# ACL Reconstruction



## rb_daniel (Aug 25, 2005)

Hello. I had ACL reconstruction back in June, the type using a double hamstring harvest. Recovery has been a long, grueling process, but I was finally cleared to mtb again this past Thursday, and went for my first mtb ride since June yesterday (Saturday). I had already been riding cross on gravel roads and double track for several months, and it has been going well. The one area that seems to remain uncomfortable is pedaling while standing, at the top of the pedal stroke. Basically the little push forward. I've been doing barbell squats and deadlifts and that seems to have helped a bit on the cross bike, but I noticed that it felt quite a bit different on the mountain bike yesterday, and was still somewhat uncomfortable. 

Any of you fellow ACL reconstruction veterans out there go through the same thing and have any pointers?

Thanks in advance. It's great to just be able to ride again.


----------



## repoman (Jun 15, 2006)

I had my ACL reconstructed about 6 weeks ago at the beginning of April. I had the Patellar graft procedure. 

So far progress has seemed really slow, though I have been positively religious with my PT. I've been on a stationary bike for the past 2 weeks and doing a lot of exercises to strengthen my quad and other supporting leg muscles. My knee is still pretty achy, and I really can't walk very far at this point. My Doc expects full sports recovery in 6 months, MTB as early as July. I sure hope he is right, but it seems a bit optimistic to me right now.
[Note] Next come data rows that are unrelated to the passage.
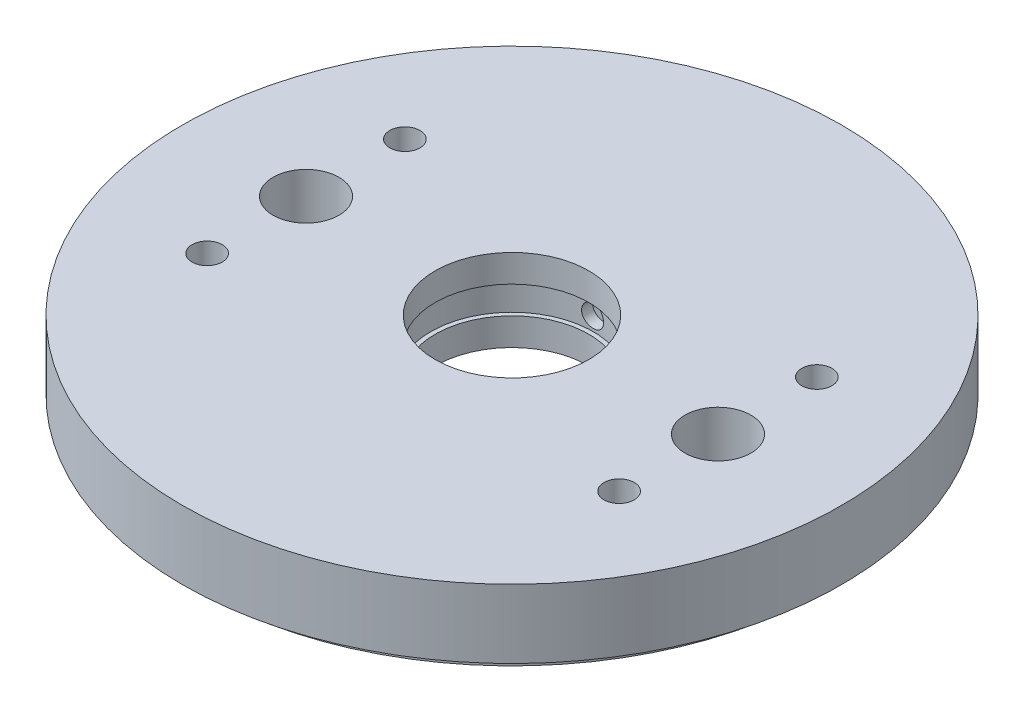
from build123d import *

# Parameters (mm, degrees)
SKETCH1_R            = 57
EXTRUDE4_DEPTH       = 7.5
EXTRUDE5_DEPTH       = 7.5
EXTRUDE5_DEPTH_BACK  = 5
SKETCH_R             = 60
SKETCH_R_2           = 57
SKETCH2_R            = 6
SKETCH2_R_2          = 14
EXTRUDE6_DEPTH       = 87.168439698
M5_CLEARANCE_HOLE1_D = 5.5
SKETCH6_R            = 14.8
EXTRUDE7_DEPTH       = 2.5
EXTRUDE8_START       = -16.8000001
EXTRUDE8_OUTLINE_R   = 2
EXTRUDE8_DEPTH       = 2.135757978
EXTRUDE8_START_2     = -3
EXTRUDE8_2_DEPTH     = 6


with BuildPart() as part:
    # Sketch1 → Extrude4 (new, symmetric)
    with BuildSketch(Plane(origin=(0, 0, 0), x_dir=(1, 0, 0), z_dir=(0, 1, 0))):
        with Locations(Location((0, 0, 0), (0, 0, 270))):
            Circle(SKETCH1_R)
    extrude(amount=EXTRUDE4_DEPTH, both=True)

    # Sketch → Extrude5 (add, two sides: drawn at the far end of the back side and taken through both)
    with BuildSketch(Plane(origin=(0, 0, 0), x_dir=(1, 0, 0), z_dir=(0, 1, 0)).offset(-EXTRUDE5_DEPTH_BACK)):
        with Locations(Location((0, 0, 0), (0, 0, 270))):
            Circle(SKETCH_R)
        with Locations(Location((0, 0, 0), (0, 0, 270))):
            Circle(SKETCH_R_2, mode=Mode.SUBTRACT)
    extrude(amount=EXTRUDE5_DEPTH + EXTRUDE5_DEPTH_BACK)

    # Sketch2 → Extrude6 (cut, through all)
    with BuildSketch(Plane(origin=(0, 7.5, 0), x_dir=(1, 0, 0), z_dir=(0, 1, 0))):
        with Locations(Location((-37.5, 0, 0), (0, 0, 270))):
            Circle(SKETCH2_R)
        with Locations(Location((37.5, 0, 0), (0, 0, 270))):
            Circle(SKETCH2_R)
        with Locations(Location((0, 0, 0), (0, 0, 270))):
            Circle(SKETCH2_R_2)
    extrude(amount=-EXTRUDE6_DEPTH, mode=Mode.SUBTRACT)

    # M5 Clearance Hole1 (through all)
    with Locations(Plane(origin=(0, 7.5, 0), x_dir=(1, 0, 0), z_dir=(0, 1, 0))):
        with Locations((37.5, 18), (37.5, -18), (-37.5, 18), (-37.5, -18)):
            Hole(M5_CLEARANCE_HOLE1_D / 2)

    # Sketch6 → Extrude7 (cut, symmetric)
    with BuildSketch(Plane(origin=(0, 0, 0), x_dir=(1, 0, 0), z_dir=(0, 1, 0))):
        with Locations(Location((0, 0, 0), (0, 0, 270))):
            Circle(SKETCH6_R)
    extrude(amount=EXTRUDE7_DEPTH, both=True, mode=Mode.SUBTRACT)

    # Extrude8: read off the stored shape, not the designer's step
    # Extrude8 outline → Extrude8 (cut)
    with BuildSketch(Plane.XY.offset(EXTRUDE8_START)):
        Circle(EXTRUDE8_OUTLINE_R)
    extrude(amount=EXTRUDE8_DEPTH, mode=Mode.SUBTRACT)

    # Extrude8 2 outline → Extrude8 2 (add)
    with BuildSketch(Plane(origin=(0, 0, 0), x_dir=(1, 0, 0), z_dir=(0, 1, 0)).offset(EXTRUDE8_START_2)):
        with BuildLine():
            ThreePointArc((-2e-09, 16.8), (1.002059984, 16.770088723), (2.000551768, 16.680461403))
            Line((2.000551768, 16.680461403), (3, 16.56059374))
            Line((3, 16.56059374), (3, 16.8000001))
            Line((3, 16.8000001), (-2e-09, 16.8))
        make_face()
        with BuildLine():
            ThreePointArc((-2.000001192, 16.680527427), (-1.001783219, 16.770105259), (-2e-09, 16.8))
            Line((-2e-09, 16.8), (-3, 16.8000001))
            Line((-3, 16.8000001), (-3, 16.560627213))
            Line((-3, 16.560627213), (-2.000001192, 16.680527427))
        make_face()
    extrude(amount=EXTRUDE8_2_DEPTH)


solid = part.part
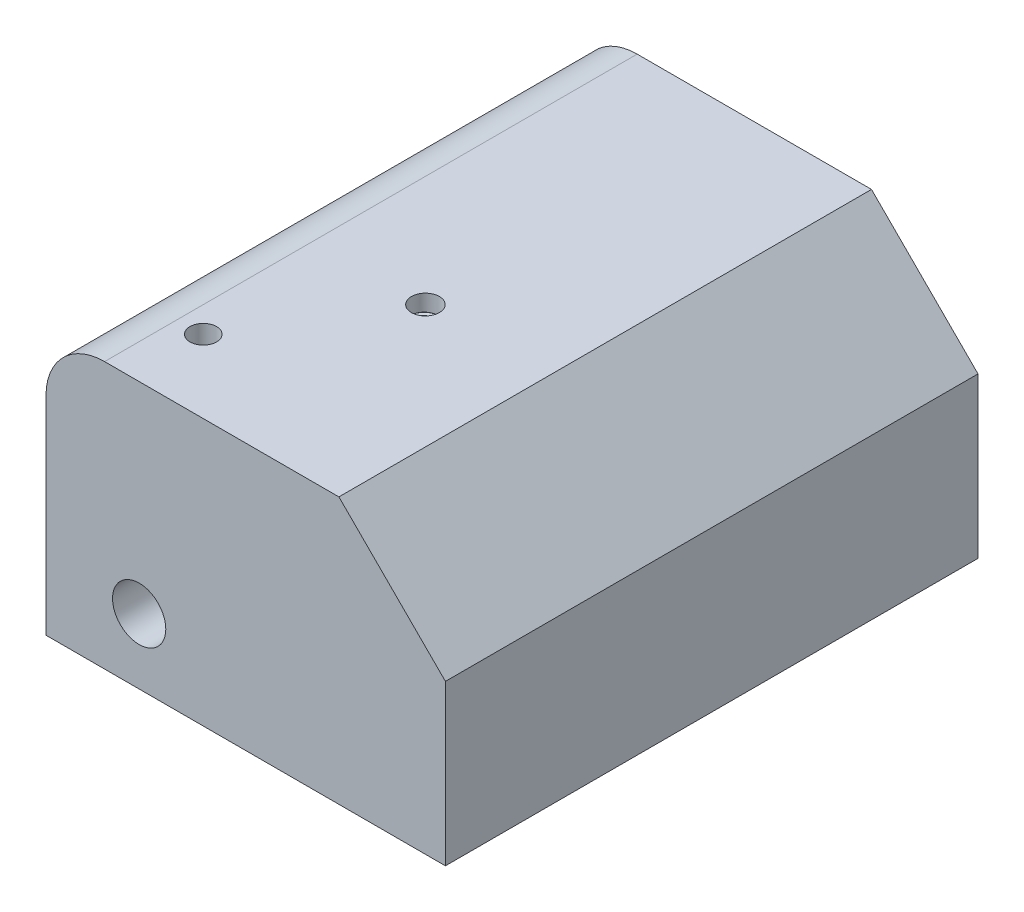
from build123d import *

# Parameters (mm, degrees)
BOSS_EXTRUDE1_DEPTH = 100
HOLE1_D             = 20
HOLE1_DEPTH         = 20
HOLE2_D             = 10
HOLE2_DEPTH         = 40
HOLE3_D             = 10.5
HOLE3_DEPTH         = 30
THREAD1_PITCH       = 1.5


with BuildPart() as part:
    # Sketch1 → Boss-Extrude1 (new, symmetric)
    with BuildSketch(Plane.XY):
        with BuildLine():
            Line((-40, 100), (0, 60))
            Line((0, 60), (0, 0))
            Line((0, 0), (-150, 0))
            Line((-150, 0), (-150, 78))
            ThreePointArc((-150, 78), (-143.556349186, 93.556349186), (-128, 100))
            Line((-128, 100), (-40, 100))
        make_face()
    extrude(amount=BOSS_EXTRUDE1_DEPTH, both=True)

    # Hole1
    with Locations(Plane.XY.offset(100)):
        with Locations((-115.014552572, 24.461701942)):
            Hole(HOLE1_D / 2, depth=HOLE1_DEPTH)

    # Hole2
    with Locations(Plane(origin=(0, 100, 0), x_dir=(1, 0, 0), z_dir=(0, 1, 0))):
        with Locations((-118.359140417, -72.579430698)):
            Hole(HOLE2_D / 2, depth=HOLE2_DEPTH)

    # Hole3
    with Locations(Plane(origin=(0, 100, 0), x_dir=(1, 0, 0), z_dir=(0, 1, 0))):
        with Locations((-86.311080109, -21.208275204)):
            Hole(HOLE3_D / 2, depth=HOLE3_DEPTH)

    # Thread1: the profile of Thread Profile1 profile screwed along a right-hand helix of 16 turns, 8 arcs to a turn; built about Z, then put on its axis
    thread1_z = Axis((0, 0, 0), (0, 0, 1))
    thread1_corners = [(5.2497, 0, -0.000173205), (6.061898812, 0, 0.468749998), (6.061898812, 0, 0.656249998), (5.2497, 0, 1.125173201)]
    with BuildLine(mode=Mode.PRIVATE) as thread1_profile:
        Line(thread1_corners[0], thread1_corners[1])
        Line(thread1_corners[1], thread1_corners[2])
        Line(thread1_corners[2], thread1_corners[3])
        Line(thread1_corners[3], thread1_corners[0])
    thread1_cap = Face(thread1_profile.wire())
    thread1_turn_angles = [0, 22.5, 45, 67.5, 90, 112.5, 135, 157.5, 180, 202.5, 225, 247.5, 270, 292.5, 315, 337.5, 360]
    thread1_turn_weights = [1, 0.9238795325112867, 1, 0.9238795325112867, 1, 0.9238795325112867, 1, 0.9238795325112867, 1, 0.9238795325112867, 1, 0.9238795325112867, 1, 0.9238795325112867, 1, 0.9238795325112867, 1]
    thread1_turn_rails = [Edge.make_bspline([Vector(p[0], p[1], 0).rotate(thread1_z, thread1_turn_angles[k]) / thread1_turn_weights[k] + Vector(0, 0, p[2] + THREAD1_PITCH * thread1_turn_angles[k] / 360) for k in range(17)], [0, 0, 0, 1, 1, 2, 2, 3, 3, 4, 4, 5, 5, 6, 6, 7, 7, 8, 8, 8], 2, thread1_turn_weights) for p in thread1_corners]
    thread1_turn_sides = [Face.make_surface_from_curves(thread1_turn_rails[p[0]], thread1_turn_rails[p[1]]) for p in [(0, 1), (1, 2), (2, 3), (3, 0)]]
    thread1 = Plane(origin=(-86.311080109, 94, 21.208275204), x_dir=(-1, 0, 0), z_dir=(0, -1, 0)) * Solid(Shell([*[p.moved(Location((0, 0, THREAD1_PITCH * i))) for i in range(16) for p in thread1_turn_sides], thread1_cap, thread1_cap.rotate(thread1_z, 5760).moved(Location((0, 0, THREAD1_PITCH * 5760 / 360)))]))
    add(thread1, mode=Mode.SUBTRACT)


solid = part.part
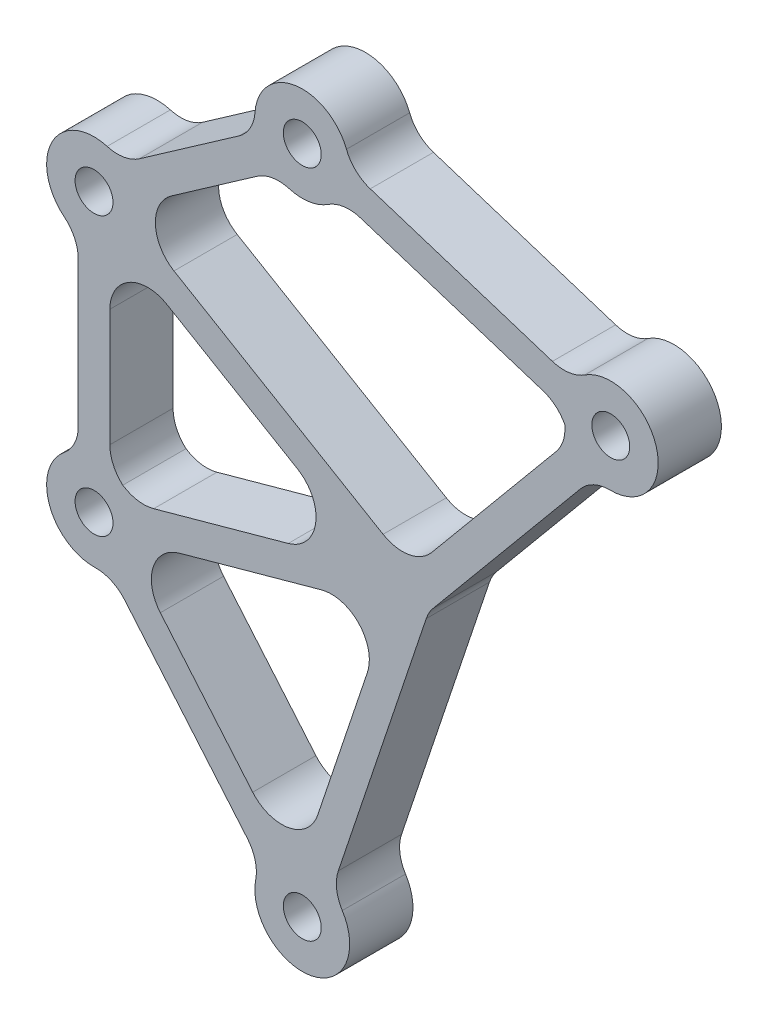
from build123d import *

# Parameters (mm, degrees)
SKETCH1_R           = 4.7625
SKETCH1_R_2         = 1.905
BOSS_EXTRUDE1_DEPTH = 6.35
FILLET1_R           = 3.81
FILLET2_R           = 3.81


with BuildPart() as part:
    # Sketch1 → Boss-Extrude1 (new body)
    # profile 1 of 10: a face of its own
    with BuildSketch(Plane.XY):
        with Locations((106.189208713, 23.71)):
            Circle(SKETCH1_R)
        with Locations((106.189208713, 23.71)):
            Circle(SKETCH1_R_2, mode=Mode.SUBTRACT)
    # profile 2 of 10: a face of its own
    with BuildSketch(Plane.XY):
        with BuildLine():
            Line((87.880964772, -0.786362752), (104.53862394, 19.242676846))
            ThreePointArc((104.53862394, 19.242676846), (103.143914747, 20.048362263), (102.097532116, 21.272872823))
            Line((102.097532116, 21.272872823), (86.113888675, 2.054264483))
            Line((86.113888675, 2.054264483), (58.96261429, 18.093110387))
            ThreePointArc((58.96261429, 18.093110387), (58.389707875, 16.587746324), (57.347778506, 15.359444279))
            Line((57.347778506, 15.359444279), (82.443811077, 0.534674233))
            Line((82.443811077, 0.534674233), (58.194514032, -6.164197988))
            ThreePointArc((58.194514032, -6.164197988), (58.832358657, -7.4612961), (59.051708713, -8.89))
            ThreePointArc((59.051708713, -8.89), (59.048766191, -9.057388361), (59.039942261, -9.224569879))
            Line((59.039942261, -9.224569879), (84.017242402, -2.324586685))
            Line((84.017242402, -2.324586685), (75.126101157, -28.865420044))
            ThreePointArc((75.126101157, -28.865420044), (76.717900747, -29.111421646), (78.136663259, -29.873954045))
            Line((78.136663259, -29.873954045), (87.880964772, -0.786362752))
        make_face()
    # profile 3 of 10: a face of its own
    with BuildSketch(Plane.XY):
        with BuildLine():
            ThreePointArc((101.428860996, 23.566836206), (101.65338858, 25.161806453), (102.396731965, 26.590716294))
            Line((102.396731965, 26.590716294), (79.965447461, 33.770428593))
            ThreePointArc((79.965447461, 33.770428593), (79.967061643, 33.698854784), (79.967599745, 33.627264799))
            ThreePointArc((79.967599745, 33.627264799), (79.718583807, 32.107439852), (78.997576492, 30.746548504))
            Line((78.997576492, 30.746548504), (101.428860996, 23.566836206))
        make_face()
    # profile 4 of 10: a face of its own
    with BuildSketch(Plane.XY):
        with Locations((75.205099745, 33.627264799)):
            Circle(SKETCH1_R)
        with Locations((75.205099745, 33.627264799)):
            Circle(SKETCH1_R_2, mode=Mode.SUBTRACT)
    # profile 5 of 10: a face of its own
    with BuildSketch(Plane.XY):
        with BuildLine():
            ThreePointArc((72.434047253, 29.753936212), (71.301416872, 30.89913975), (70.615297221, 32.356391461))
            Line((70.615297221, 32.356391461), (57.060261204, 22.883328587))
            ThreePointArc((57.060261204, 22.883328587), (58.192891585, 21.738125049), (58.879011236, 20.280873338))
            Line((58.879011236, 20.280873338), (72.434047253, 29.753936212))
        make_face()
    # profile 6 of 10: a face of its own
    with BuildSketch(Plane.XY):
        with Locations((54.289208713, 19.01)):
            Circle(SKETCH1_R)
        with Locations((54.289208713, 19.01)):
            Circle(SKETCH1_R_2, mode=Mode.SUBTRACT)
    # profile 7 of 10: a face of its own
    with BuildSketch(Plane.XY):
        with BuildLine():
            ThreePointArc((55.876708713, 14.519871939), (54.289208713, 14.2475), (52.701708713, 14.519871939))
            Line((52.701708713, 14.519871939), (52.701708713, -4.399871939))
            ThreePointArc((52.701708713, -4.399871939), (54.289208713, -4.1275), (55.876708713, -4.399871939))
            Line((55.876708713, -4.399871939), (55.876708713, 14.519871939))
        make_face()
    # profile 8 of 10: a face of its own
    with BuildSketch(Plane.XY):
        with Locations((54.289208713, -8.89)):
            Circle(SKETCH1_R)
        with Locations((54.289208713, -8.89)):
            Circle(SKETCH1_R_2, mode=Mode.SUBTRACT)
    # profile 9 of 10: a face of its own
    with BuildSketch(Plane.XY):
        with BuildLine():
            ThreePointArc((58.400562122, -11.29378439), (57.364168417, -12.526760793), (55.976054927, -13.343757526))
            Line((55.976054927, -13.343757526), (71.093746335, -31.223480409))
            ThreePointArc((71.093746335, -31.223480409), (72.13014004, -29.990504006), (73.518253531, -29.173507273))
            Line((73.518253531, -29.173507273), (58.400562122, -11.29378439))
        make_face()
    # profile 10 of 10: a face of its own
    with BuildSketch(Plane.XY):
        with Locations((75.205099745, -33.627264799)):
            Circle(SKETCH1_R)
        with Locations((75.205099745, -33.627264799)):
            Circle(SKETCH1_R_2, mode=Mode.SUBTRACT)
    extrude(amount=BOSS_EXTRUDE1_DEPTH)

    # Fillet1
    # the kernel refuses this fillet: 3.81 mm, written as the material it adds along each edge
    with BuildSketch(Plane(origin=(58.96261429, 18.093110387, 0), x_dir=(0.8609971993913142, -0.5086096957789081, 0), z_dir=(0, 0, 1)), Plane(origin=(75.126101157, -28.865420044, 0), x_dir=(0.31764850444110154, 0.9482085359383406, 0), z_dir=(0, 0, 1)), Plane(origin=(79.965447461, 33.770428593, 0), x_dir=(0.9524031774112249, -0.30484124992691375, 0), z_dir=(0, 0, 1)), Plane(origin=(104.53862394, 19.242676846, 0), x_dir=(-0.6394318036990395, -0.7688478187640211, 0), z_dir=(0, 0, 1)), Plane(origin=(52.701708713, -4.399871939, 0), x_dir=(0, 1, 0), z_dir=(0, 0, 1)), Plane(origin=(57.060261204, 22.883328587, 0), x_dir=(0.8196709443644911, 0.572834655869059, 0), z_dir=(0, 0, 1))) as fillet1_piece_1:
        with BuildLine():
            CenterArc((2.169808125, 3.81), FILLET1_R, 219.022802565, 50.977197435)
            ThreePointArc((-0.790163513, 1.411111111), (-0.334744459, 0.739341932), (0, 0))
            Line((0, 0), (2.169808125, 0))
        make_face()
    extrude(amount=6.35)
    with BuildSketch(Plane(origin=(86.113888675, 2.054264483, 0), x_dir=(-0.8609971993913146, 0.5086096957789075, 0), z_dir=(0, 0, 1))) as fillet1_piece_2:
        with BuildLine():
            CenterArc((FILLET1_R * 0.85139484235, -FILLET1_R), FILLET1_R, 90, 80.821803005)
            Line((-FILLET1_R * 0.135802191515, -FILLET1_R * 0.840494463015), (0, 0))
            Line((0, 0), (FILLET1_R * 0.85139484235, 0))
        make_face()
    extrude(amount=6.35)
    with BuildSketch(Plane(origin=(102.097532116, 21.272872823, 0), x_dir=(-0.6394318036990395, -0.7688478187640211, 0), z_dir=(0, 0, 1)), Plane(origin=(78.997576492, 30.746548504, 0), x_dir=(0.9524031774112243, -0.3048412499269152, 0), z_dir=(0, 0, 1)), Plane(origin=(58.879011236, 20.280873338, 0), x_dir=(0.819670944364491, 0.5728346558690592, 0), z_dir=(0, 0, 1)), Plane(origin=(73.518253531, -29.173507273, 0), x_dir=(-0.6456608303485428, 0.7636243134903644, 0), z_dir=(0, 0, 1)), Plane(origin=(59.039942261, -9.224569879, 0), x_dir=(0.9638966585389959, 0.2662766074167205, 0), z_dir=(0, 0, 1)), Plane(origin=(57.347778506, 15.359444279, 0), x_dir=(0.8609971993913154, -0.5086096957789064, 0), z_dir=(0, 0, 1))) as fillet1_piece_3:
        with BuildLine():
            CenterArc((2.169808125, -3.81), FILLET1_R, 90, 50.977197435)
            ThreePointArc((-0.790163513, -1.411111111), (-0.334744459, -0.739341932), (0, 0))
            Line((0, 0), (2.169808125, 0))
        make_face()
    extrude(amount=6.35)
    with BuildSketch(Plane(origin=(101.428860996, 23.566836206, 0), x_dir=(0.19934053923435113, -0.9799302778349887, 0), z_dir=(0, 0, 1)), Plane(origin=(72.434047253, 29.753936212, 0), x_dir=(0.9002818811258162, -0.4353074023222692, 0), z_dir=(0, 0, 1)), Plane(origin=(58.400562122, -11.29378439, 0), x_dir=(0.3508244107521176, 0.9364412596743211, 0), z_dir=(0, 0, 1)), Plane(origin=(58.194514032, -6.164197988, 0), x_dir=(-0.7032685796981372, 0.7109242609514496, 0), z_dir=(0, 0, 1)), Plane(origin=(55.876708713, 14.519871939, 0), x_dir=(0.8725214911102023, 0.48857573369010987, 0), z_dir=(0, 0, 1)), Plane(origin=(71.093746335, -31.223480409, 0), x_dir=(-0.3508244107521106, -0.9364412596743238, 0), z_dir=(0, 0, 1))) as fillet1_piece_4:
        with BuildLine():
            CenterArc((2.264191284, -3.754677766), FILLET1_R, 99.775790965, 50.977197435)
            Line((-1.060115597, -1.893204221), (0, 0))
            ThreePointArc((0, 0), (0.808639744, -0.069152792), (1.617279489, 0))
        make_face()
    extrude(amount=6.35)
    with BuildSketch(Plane(origin=(84.017242402, -2.324586685, 0), x_dir=(-0.3176485044411025, -0.9482085359383404, 0), z_dir=(0, 0, 1))) as fillet1_piece_5:
        with BuildLine():
            CenterArc((FILLET1_R * 1.8792860539, -FILLET1_R), FILLET1_R, 90, 123.963598679)
            Line((FILLET1_R * 1.04989338062, -FILLET1_R * 1.55866608409), (0, 0))
            Line((0, 0), (FILLET1_R * 1.8792860539, 0))
        make_face()
    extrude(amount=6.35)
    with BuildSketch(Plane(origin=(55.876708713, -4.399871939, 0), x_dir=(0.8725214911102017, -0.488575733690111, 0), z_dir=(0, 0, 1)), Plane(origin=(70.615297221, 32.356391461, 0), x_dir=(-0.09933921507111794, 0.9950536268709613, 0), z_dir=(0, 0, 1)), Plane(origin=(102.396731965, 26.590716294, 0), x_dir=(0.7313016231106118, 0.682054203150882, 0), z_dir=(0, 0, 1)), Plane(origin=(78.136663259, -29.873954045, 0), x_dir=(0.6721369745474647, -0.740426827881176, 0), z_dir=(0, 0, 1)), Plane(origin=(55.976054927, -13.343757526, 0), x_dir=(-0.9817328385571232, -0.1902646412199953, 0), z_dir=(0, 0, 1)), Plane(origin=(52.701708713, 14.519871939, 0), x_dir=(-0.8725214911102018, 0.48857573369011076, 0), z_dir=(0, 0, 1))) as fillet1_piece_6:
        with BuildLine():
            CenterArc((2.264191284, 3.754677766), FILLET1_R, 209.2470116, 50.977197435)
            Line((-1.060115597, 1.893204221), (0, 0))
            ThreePointArc((0, 0), (0.808639744, 0.069152792), (1.617279489, 0))
        make_face()
    extrude(amount=6.35)
    with BuildSketch(Plane(origin=(82.443811077, 0.534674233, 0), x_dir=(-0.9638966585389961, -0.2662766074167203, 0), z_dir=(0, 0, 1))) as fillet1_piece_7:
        with BuildLine():
            CenterArc((FILLET1_R * 2.35504725068, -FILLET1_R), FILLET1_R, 90, 133.985910602)
            Line((FILLET1_R * 1.63553665117, -FILLET1_R * 1.69448145921), (0, 0))
            Line((0, 0), (FILLET1_R * 2.35504725068, 0))
        make_face()
    extrude(amount=6.35)
    with BuildSketch(Plane(origin=(87.880964772, -0.786362752, 0), x_dir=(-0.3176485044411054, -0.9482085359383393, 0), z_dir=(0, 0, 1))) as fillet1_piece_8:
        with BuildLine():
            CenterArc((FILLET1_R * 0.187404040861, FILLET1_R), FILLET1_R, 248.771312287, 21.228687713)
            Line((-FILLET1_R * 0.174687293783, FILLET1_R * 0.0678573792733), (0, 0))
            Line((0, 0), (FILLET1_R * 0.187404040861, 0))
        make_face()
    extrude(amount=6.35)

    # Fillet2
    fillet2_edges = [part.edges().sort_by_distance(p)[0] for p in [
        (74.278682032, -28.792470042, 3.175),
        (59.113584062, 19.194358415, 3.175),
        (58.904928759, -10.316241556, 3.175),
        (56.72342156, 14.744855925, 3.175),
    ]]
    fillet(fillet2_edges, radius=FILLET2_R)


solid = part.part

How is your recovery progressing?


----------



## snowgypsy (Jun 5, 2011)

I had my ACL reconstruction about 13 months ago. I'm not the best example - I had a lot of complications and another surgery as a result at about the 6 month mark to remove scar tissue and correct a few issues.

PT is intense (I'm still going). Twice a week for about two hours at a time on top of daily rides and exercise routines. The most important aspect of the physical recovery was plyo. Basically, being able to be strong in motion (jumping, landing, leaping, fast feet, tele lunges, etc.). Full recovery for an athlete with nothing to do but recover is about 6 -8 months. Recovery for a "real" person is usually closer to 12 and for someone like me with complications, it's about 18 months. I was cleared to ride hard at about the 12 month mark and had been riding "easy" at the 4 month mark. Hard = techy, steep single track with consequence for failure and rides over 20 miles. Easy = I'm not going to fall or need to stress the joint or muscles.

I've been riding hard for about two months now and am finally seeing good results - good enough to plan my first endurance mountain bike race in June. 
I'm always going to deal with some lasting issues however, in large part due to those complications. 

Standing up on my bike and pedaling is difficult - I can do it but not sustain it for more than a few strokes before the joint begins to ache. This will go away with time, but by time we mean years.
Clipless pedals are out of the question. Again, this is due to my complication. I've had to move on to flats (which after getting the right ones, actually, I love). 
There are also the lingering mental questions and concerns. At times I give up on a difficult move simply because I don't believe that my knee will handle it or I fear that it will give out (though it won't).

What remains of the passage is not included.